Five years ago, a fire-side chat with some bright sparks ignited what became Fringe in the ‘Stings, the little fringe festival centred proudly in Hastings City and opening up its box of wonders again this year on October 9.

Most recently though, conversations started over a beer at Common Room have become Spaceship, currently getting ready for launch in Hastings CBD, one block from the bar on Karamu Road.

The name comes from a Marshall McLuhan quote Gerard and I have carted around with us since the 90s: “There are no passengers on Spaceship Earth, we are all crew.”

It’s the nucleus of a way of thinking where we get people involved in projects, often through stealth, with the underlying expectation that we all have a role to play in enriching our communities.

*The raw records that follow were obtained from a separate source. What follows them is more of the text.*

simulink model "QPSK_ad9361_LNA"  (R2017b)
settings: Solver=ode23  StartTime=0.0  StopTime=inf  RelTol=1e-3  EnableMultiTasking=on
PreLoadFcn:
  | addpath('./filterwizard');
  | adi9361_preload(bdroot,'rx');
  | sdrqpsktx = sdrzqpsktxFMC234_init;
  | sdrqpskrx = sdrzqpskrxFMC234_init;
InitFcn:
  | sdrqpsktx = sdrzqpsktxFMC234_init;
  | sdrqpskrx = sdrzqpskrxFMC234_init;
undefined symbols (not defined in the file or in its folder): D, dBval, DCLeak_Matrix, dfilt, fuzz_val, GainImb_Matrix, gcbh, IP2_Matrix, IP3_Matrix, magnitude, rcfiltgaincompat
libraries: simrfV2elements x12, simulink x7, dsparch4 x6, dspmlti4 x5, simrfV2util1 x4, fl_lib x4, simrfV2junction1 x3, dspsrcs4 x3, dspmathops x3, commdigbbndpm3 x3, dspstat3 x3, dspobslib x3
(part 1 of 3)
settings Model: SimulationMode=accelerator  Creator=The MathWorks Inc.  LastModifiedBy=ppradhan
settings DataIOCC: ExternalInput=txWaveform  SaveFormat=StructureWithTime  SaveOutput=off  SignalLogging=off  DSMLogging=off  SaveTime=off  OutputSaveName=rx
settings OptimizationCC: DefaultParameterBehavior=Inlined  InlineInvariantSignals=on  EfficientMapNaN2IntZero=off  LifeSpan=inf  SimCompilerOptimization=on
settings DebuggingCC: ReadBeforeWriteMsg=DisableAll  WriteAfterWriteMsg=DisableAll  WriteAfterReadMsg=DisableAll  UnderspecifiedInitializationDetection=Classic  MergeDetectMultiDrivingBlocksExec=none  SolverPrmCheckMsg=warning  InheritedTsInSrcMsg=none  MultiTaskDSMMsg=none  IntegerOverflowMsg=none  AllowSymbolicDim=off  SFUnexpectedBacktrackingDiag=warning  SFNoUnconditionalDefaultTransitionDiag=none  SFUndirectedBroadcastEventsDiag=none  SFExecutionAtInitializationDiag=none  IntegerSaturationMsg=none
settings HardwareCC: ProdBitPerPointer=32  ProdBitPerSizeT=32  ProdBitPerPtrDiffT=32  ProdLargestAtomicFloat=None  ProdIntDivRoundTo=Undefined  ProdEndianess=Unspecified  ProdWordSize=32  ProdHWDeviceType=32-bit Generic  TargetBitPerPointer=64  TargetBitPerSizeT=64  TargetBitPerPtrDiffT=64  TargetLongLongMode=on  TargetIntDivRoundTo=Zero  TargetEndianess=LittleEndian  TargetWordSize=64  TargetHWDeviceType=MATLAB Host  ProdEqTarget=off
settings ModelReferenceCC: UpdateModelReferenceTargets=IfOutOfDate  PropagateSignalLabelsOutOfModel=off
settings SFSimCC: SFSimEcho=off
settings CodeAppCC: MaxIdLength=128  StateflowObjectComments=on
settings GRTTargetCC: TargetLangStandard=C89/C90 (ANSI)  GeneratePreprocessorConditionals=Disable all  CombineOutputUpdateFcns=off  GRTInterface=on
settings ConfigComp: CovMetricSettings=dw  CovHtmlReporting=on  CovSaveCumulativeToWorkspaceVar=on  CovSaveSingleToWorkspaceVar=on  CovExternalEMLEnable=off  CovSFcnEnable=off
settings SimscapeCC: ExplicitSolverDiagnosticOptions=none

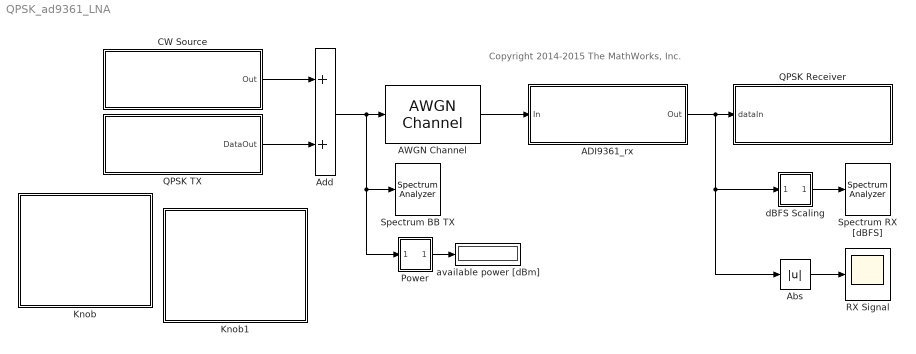
== system QPSK_ad9361_LNA ==
  note: Copyright 2014-2015 The MathWorks, Inc.
  ADI9361_rx : Subsystem  mask(ADI9361_RX){TestSignal=Custom, LOFreq=2e9, Ovs=2}
      mask prompts: TestSignal "Filter Configuration:"; LOFreq "LO Frequency (Hz):"; Ovs "Oversampling"
      mask help: Model an Analog Devices AD9361 RF Receiver.
      mask init:
      | ad9361_rx_pars = ad9361_rx_initfcn(gcb,'Init');
      | assignin('base', 'ad9361_rx_hm1Filt', ad9361_rx_pars.ad9361_rx_hm1Filt);
      | assignin('base', 'ad9361_rx_hm2Filt', ad9361_rx_pars.ad9361_rx_hm2Filt);
      | assignin('base', 'ad9361_rx_hm3Filt', ad9361_rx_pars.ad9361_rx_hm3Filt);
      | assignin('base', 'ad9361_rx_hm4Filt', ad9361_rx_pars.ad9361_rx_hm4Filt);
      | Trf = evalin('base','sdrqpskrx.RadioFrontEndSamplePeriod')/Ovs;
      | load ADI9361Tables;
      | iip3_800MHz  = [10, 10, 10, 8,   8,   10,  9,   -3, -5, -5, -8, -13, -14, -18];
      | iip3_2p4GHz  = [9,  9,   9,   8,   7,    9,   8,   0,   0,  -5, -5, -7,   -8,   -10];
      | iip3_5p5GHz  = [16,10, 10, 11,  11, 11, 11,  11, 11, -3, -6, -7,  -10, -16];
      | 
      | iip2_800MHz  = [80, 80, 80, 58, 48];
      | iip2_2p4GHz  = [70, 70, 70, 60, 50];
      | iip2_5p5GHz  = [70, 70, 70, 60, 45];
      | 
      | if LOFreq<=1.3e9
      |     IIP3 = iip3_800MHz;
      |     IIP2 = iip2_800MHz;
      | elseif LOFreq <= 4e9
      |     IIP3 = iip3_2p4GHz;
      |     IIP2 = iip2_2p4GHz;
      | else
      |     IIP3 = iip3_5p5GHz;
      |     IIP2 = iip2_5p5GHz;
      | end
      | IP3_Matrix(:,5)=IIP3(:);
      | IP2_Matrix(:,5)=IIP2(:);
      mask Help:
      | Model an Analog Devices AD9361 RF Receiver. This model predicts thermal noise, spectral growth, LO carrier leakage and image signals, quantization noise in manual and slow attack control mode.
      | 
      | To change the automatic gain control mode, toggle the manual switch between manual mode and slow-attack control mode under the receiver mask. For manual mode, directly specify the index of the gain table in the constant block "manual index".
      | 
      | For signals with LTE 5MHz, LTE 10 MHz and LTE 20 MHz characteristics, the default configurations recommended by Analog Devices are directly available.
      | 
      | The filters are programmable. Use the Analog Devices Wizard App to custom design Filters. Select the option “Custom” in the “ Filter Configuration” menu and click “Design Filter” button. The Filter Design app will open automatically. Make sure a receiver filter is designed instead of a transmitter filter. After designing the filter, click the button “Export to Workspace” in the App. The custom filter design is saved in the model set up. Next time a simulation is setup with custom filter configuration, the latest filter design is used.
      | 
      | Make sure that the input signal sample time and the expected step size of the RF simulation are the same. In case of a mismatch, an error is generated.
      mask TypeOptions TestSignal: 5MHz LTE | 10MHz LTE | 20MHz LTE | Custom
      mask Callback TestSignal:
      | % Set Mask visibilites and enables
      | ad9361_rx_mask_callbacks(gcb,'TestSignal')
      mask DialogControl Control2 Prompt: SpacerDesign
      mask DialogControl DesignFilter Prompt: Design Filter
      mask DialogControl DesignFilter Callback: ad9361_rx_initfcn(gcb,'DesignFilter');
      mask Display: text(0.5,0.5,'AD9361_RX','horizontalAlignment','center');
  AWGN Channel : commchan3/AWGN Channel  InputProcessing=Columns as channels (frame based)  seed=67  noiseMode="Signal to noise ratio  (SNR)"  EbNodB=10  EsNodB=10  SNRdB=3  bitsPerSym=1  Ps=1e-13*(50)  Tsym=1  variance=1
  Abs : Abs
  Add : Sum
  CW Source : Subsystem  mask{Sel=CW + 100kHz tone, CW=120e3, Power=-100, Ovs=2}
      mask prompts: Sel "Select source"; CW "Frequency (Hz)"; Power "Power (dBm)"; Ovs "Oversampling"
      mask init:
      | Tstep = evalin('base','sdrqpskrx.RadioFrontEndSamplePeriod');
      mask TypeOptions Sel: CW + 100kHz tone | Single CW tone | Dual CW tone
      mask DialogControl DescGroupVar Prompt: Ideal Test Source
      mask Display: disp('CW Source')
  Knob : Subsystem  DialogController=hmiCreateDDGDialog  IsWebBlock=on  mask(MathWorksWebBlock){webBlockId=10992aa7-3387-4369-8f6d-c1f2990169a8, webBlockType=continuousknob, ShowInLibBrowser=on, ShowInitialText=on, HMISrcModelName=QPSK_ad9361_LNA}
      mask prompts: webBlockId "WebBlock Id"; webBlockType "WebBlock Type"; HMISrcModelName "Source Model"
      mask Help: helpview([docroot '/mapfiles/simulink.map'], 'hmi_knob')
      mask Display:
      | if strcmp(get_param(bdroot(gcb),'BlockDiagramType'), 'library')
      |     image([(matlabroot) '/toolbox/simulink/hmi/icons/ContinuousKnob.png']);
      | end
  Knob1 : Subsystem  DialogController=hmiCreateDDGDialog  IsWebBlock=on  mask(MathWorksWebBlock){webBlockId=33e80c37-c5c4-41e7-8880-b6785ebea8d0, webBlockType=continuousknob, ShowInLibBrowser=on, ShowInitialText=on, HMISrcModelName=QPSK_ad9361_LNA}
      mask prompts: webBlockId "WebBlock Id"; webBlockType "WebBlock Type"; HMISrcModelName "Source Model"
      mask Help: helpview([docroot '/mapfiles/simulink.map'], 'hmi_knob')
      mask Display:
      | if strcmp(get_param(bdroot(gcb),'BlockDiagramType'), 'library')
      |     image([(matlabroot) '/toolbox/simulink/hmi/icons/ContinuousKnob.png']);
      | end
  "Power  " : Subsystem  mask{R=50}
      mask prompts: R "Reference Impedance [Ohm]"
      mask DialogControl DescGroupVar Prompt: Power Meter
  QPSK Receiver : Subsystem
      mask Display: disp('QPSK Receiver');
  QPSK TX : Subsystem  mask{Ovs=2, Power=-100}
      mask prompts: Ovs "Oversampling"; Power "Power (dBm)"
      mask Display: disp('QPSK Transmitter')
  RX Signal : Scope
  Spectrum BB TX : SpectrumAnalyzer
  Spectrum RX [dBFS] : SpectrumAnalyzer
  available power [dBm] : Display
  dBFS Scaling : Subsystem
  wires:
  CW Source/1(Out) -> Add/1
  "Power  "/1(Out) -> available power [dBm]/1
  dBFS Scaling/1(Out) -> Spectrum RX [dBFS]/1
  Abs/1 -> RX Signal/1
  ADI9361_rx/1(Out) -> QPSK Receiver/1(dataIn), dBFS Scaling/1(In), Abs/1
  Add/1 -> AWGN Channel/1, Spectrum BB TX/1, "Power  "/1(In)
  QPSK TX/1(DataOut) -> Add/2
  AWGN Channel/1 -> ADI9361_rx/1(In)

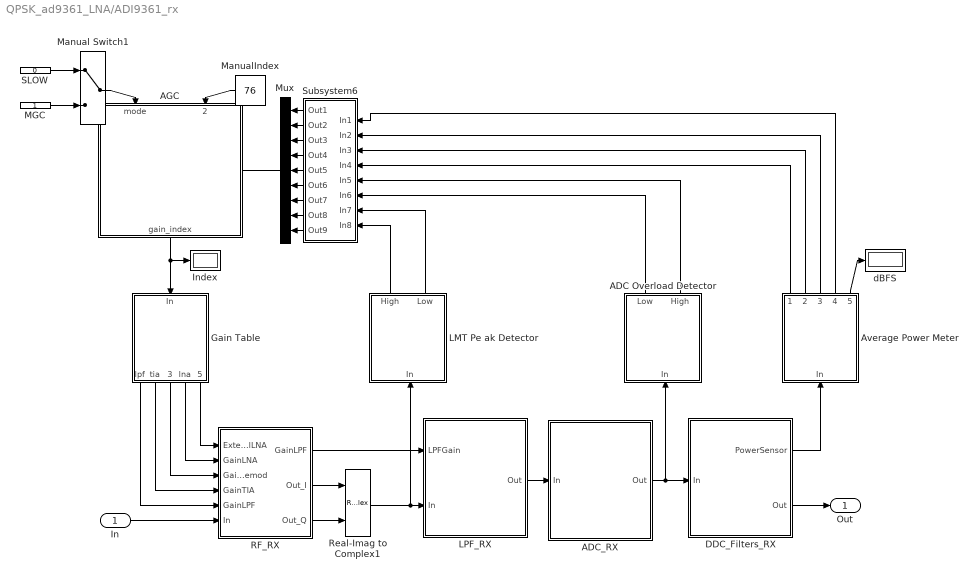
== system QPSK_ad9361_LNA/ADI9361_rx ==
  In : Inport
  ADC Overload Detector : Subsystem  mask{Ncycles=4, Lthreshold=47, Hthreshold=58}
      mask prompts: Ncycles "Number of Integration Cycles"; Lthreshold "Low Threshold"; Hthreshold "High Threshold"
      mask DialogControl DescGroupVar Prompt: ADC Overload Detector
  ADC_RX : Subsystem
  AGC : Stateflow chart  TreatAsAtomicUnit=on  mask{N_LMT_H=10, N_LMT_L=10, LMT_G_dec_fast=2, N_ADC_H=10, N_ADC_L=10, ADC_G_dec_fast=2, AGC_G_inc_fast=2, AGC_G_inc_slow=1, AGC_G_dec_fast=2, AGC_G_dec_slow=1, C=100, T=1}
      mask prompts: N_LMT_H "LMT Upper Count"; N_LMT_L "LMT Lower Count"; LMT_G_dec_fast "LMT Gain index decrement - outer"; N_ADC_H "ADC Upper Count"; N_ADC_L "ADC Lower Count"; ADC_G_dec_fast "ADC - Gain index decrement - outer"; AGC_G_inc_fast "AGC - Gain index increment - outer"; AGC_G_inc_slow "AGC - Gain index increment - inner"; AGC_G_dec_fast "AGC - Gain index decrement - outer"; AGC_G_dec_slow "AGC - Gain index decrement - inner"; C "Gain Update Interval for Slow Mode [us]"; T "Extra delay margin [us]"
  Average Power Meter : Subsystem  mask{Ncycles=1024 %8192, Hthreshold_o=-5, Hthreshold_i=-10, Lthreshold_i=-12, Lthreshold_o=-18}
      mask prompts: Ncycles "Number of Integration Cycles"; Hthreshold_o "Outer High Threshold [dBFS]"; Hthreshold_i "Inner High Threshold [dBFS]"; Lthreshold_i "Inner Low Threshold [dBFS]"; Lthreshold_o "Outer Low Threshold [dBFS]"
      mask DialogControl DescGroupVar Prompt: AGC Low Power Detector
  DDC_Filters_RX : Subsystem
  Gain Table : Subsystem
  "Index " : Display
  LMT Pe ak Detector : Subsystem  mask{HThreshold=800, LThreshold=704}
      mask prompts: HThreshold "High Threshold [mV]"; LThreshold "Low Threshold [mV]"
      mask DialogControl DescGroupVar Prompt: LMT Peak Detector
  LPF_RX : Subsystem
  MGC : Constant  SampleTime=-1
  Manual Switch1 : ManualSwitch
  ManualIndex : Constant  Value=76  SampleTime=-1
  Mux : Mux  Inputs=9
  RF_RX : Subsystem  mask{RF=LOFreq, Tstep=Trf}
      mask prompts: RF "Center Frequency [Hz]"; Tstep "Sample Time [s]"
      mask init:
      | freq = [0.8e9, 2.4e9, 5.5e9];
      | nf   = [2,       3,        3.8];
      | NF   = interp1(freq, nf, RF,'linear','extrap');
      | 
      | S11 = -200;
      | Rin = s2z(10^(S11/20));
      mask DialogControl DescGroupVar Prompt: ADI 9361 Receiver RF Parameters
  Real-Imag to Complex1 : RealImagToComplex
  SLOW : Constant  Value=0  SampleTime=-1
  Subsystem6 : Subsystem
  dBFS : Display
  Out : Outport
  wires:
  RF_RX/2(Out_I) -> Real-Imag to Complex1/1
  RF_RX/3(Out_Q) -> Real-Imag to Complex1/2
  Real-Imag to Complex1/1 -> LMT Pe ak Detector/1(In), LPF_RX/2(In)
  Gain Table/2(tia) -> RF_RX/4(GainTIA)
  Gain Table/3(demod) -> RF_RX/3(GainDemod)
  Gain Table/4(lna) -> RF_RX/2(GainLNA)
  LPF_RX/1(Out) -> ADC_RX/1(In)
  MGC/1 -> Manual Switch1/2
  SLOW/1 -> Manual Switch1/1
  Manual Switch1/1 -> AGC/1(mode)
  LMT Pe ak Detector/2(Low) -> Subsystem6/7(In7)
  Gain Table/1(lpf) -> RF_RX/5(GainLPF)
  DDC_Filters_RX/1(PowerSensor) -> Average Power Meter/1(In)
  ADC Overload Detector/2(High) -> Subsystem6/5(In5)
  Average Power Meter/1(Outer_High) -> Subsystem6/4(In4)
  Average Power Meter/2(Inner_High) -> Subsystem6/3(In3)
  Average Power Meter/3(Inner_Low) -> Subsystem6/2(In2)
  Average Power Meter/4(Outer_Low) -> Subsystem6/1(In1)
  LMT Pe ak Detector/1(High) -> Subsystem6/8(In8)
  Subsystem6/1(Out1) -> Mux/1
  Subsystem6/2(Out2) -> Mux/2
  Subsystem6/3(Out3) -> Mux/3
  Subsystem6/4(Out4) -> Mux/4
  Subsystem6/5(Out5) -> Mux/5
  Subsystem6/8("Out8 ") -> Mux/8
  ADC Overload Detector/1(Low) -> Subsystem6/6(In6)
  Subsystem6/6(Out6) -> Mux/6
  Subsystem6/7(Out7) -> Mux/7
  DDC_Filters_RX/2(Out) -> Out/1
  Average Power Meter/5(Power [dBFS]) -> dBFS/1
  Subsystem6/9(Out9) -> Mux/9
  In/1 -> RF_RX/6(In)
  AGC/1(gain_index) -> "Index "/1, Gain Table/1(In)
  ManualIndex/1 -> AGC/2(ManualGainIndex)
  Mux/1 -> AGC/Trigger
  RF_RX/1("GainLPF ") -> LPF_RX/1(LPFGain)
  Gain Table/5(External LNA) -> RF_RX/1(ExternalLNA)
  ADC_RX/1(Out) -> ADC Overload Detector/1(In), DDC_Filters_RX/1(In)

== system QPSK_ad9361_LNA/CW Source ==
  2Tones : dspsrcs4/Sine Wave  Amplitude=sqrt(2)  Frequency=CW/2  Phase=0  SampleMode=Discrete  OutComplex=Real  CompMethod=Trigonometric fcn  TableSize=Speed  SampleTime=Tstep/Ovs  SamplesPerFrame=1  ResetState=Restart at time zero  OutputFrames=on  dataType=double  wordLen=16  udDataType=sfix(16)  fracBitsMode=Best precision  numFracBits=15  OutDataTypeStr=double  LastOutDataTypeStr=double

Asking “What does the world need from me?” is a far more interesting inquiry than “What do I need from the world?” and leads to a tremendous bounty of spirit and energy, and then the happenings that fall out of it.

That idea, which started on a napkin, is to open a place that offers practising artists (with a healthy balance of established and emerging) a workspace in exchange for ‘hospo hours’. Two or three nights a week Spaceship will then open as a bar using those banked hours with artists serving the drinks, bussing the tables and doing all the adjunct tasks an operating bar needs to run.

It’s a hospo joint, but not as we know it. Artists’ works-in-progress will be on display. Artists will serve punters. Visual arts shows will take place. But so too will theatre shows and music as the space will morph into a live performance venue from time to time.

What happens in Spaceship will be diverse, dynamic and pretty different from other places in Hawke’s Bay, arguably in New Zealand.

This is not a hippy co-op. It’s a social enterprise that weaves commercial with community in a concrete and highly-visible way.

Thrusting an art stake directly into the heart of Hastings makes a statement about what’s important. Our end of the city is booming. Commercial, hospo and retail are growing. The Tribune complex is a bustling hive of construction. Toitoi is steaming ahead getting the Municipal Building reopened. Eastside Eat Street is being seeded with new cobbling and outside dining. Keeping the arts front and centre, and in people’s faces is vital to encouraging and supporting our city as a vibrant creative community.

There are risks. Who in their right mind would leave a bar in the hands of artists?! On ordering a wine you may very well be asked if you would like it in oils or charcoal.

But by trying this idea out we will be creating a new kind of hospo experience, building new skillsets in artists and growing appreciation for the place arts has in our neighbourhoods. We’ll also be creating a place to play for touring artists, and a destination for arts fans and buyers. Rather than being a nice to have, the arts is a valuable and valid contributor to the economy, and it makes people happy. That’s what’s in it for you. You get all that because some crazy thinkers had a bright idea over a beer. Just think what ideas you might have enjoying a bevvy in the space they created as a result!

It feels like a dream when we think back to March and April and remember we stayed at home for weeks. It was a tough time for many, and for others it was a fairly pleasurable enforced staycation. In that time, we thought a lot about how we live and changes we could make. We promised ourselves we’d set New Age Resolutions for the impending New Normal. Then Level 2 was announced and the majority of us slid into same-old-same-old.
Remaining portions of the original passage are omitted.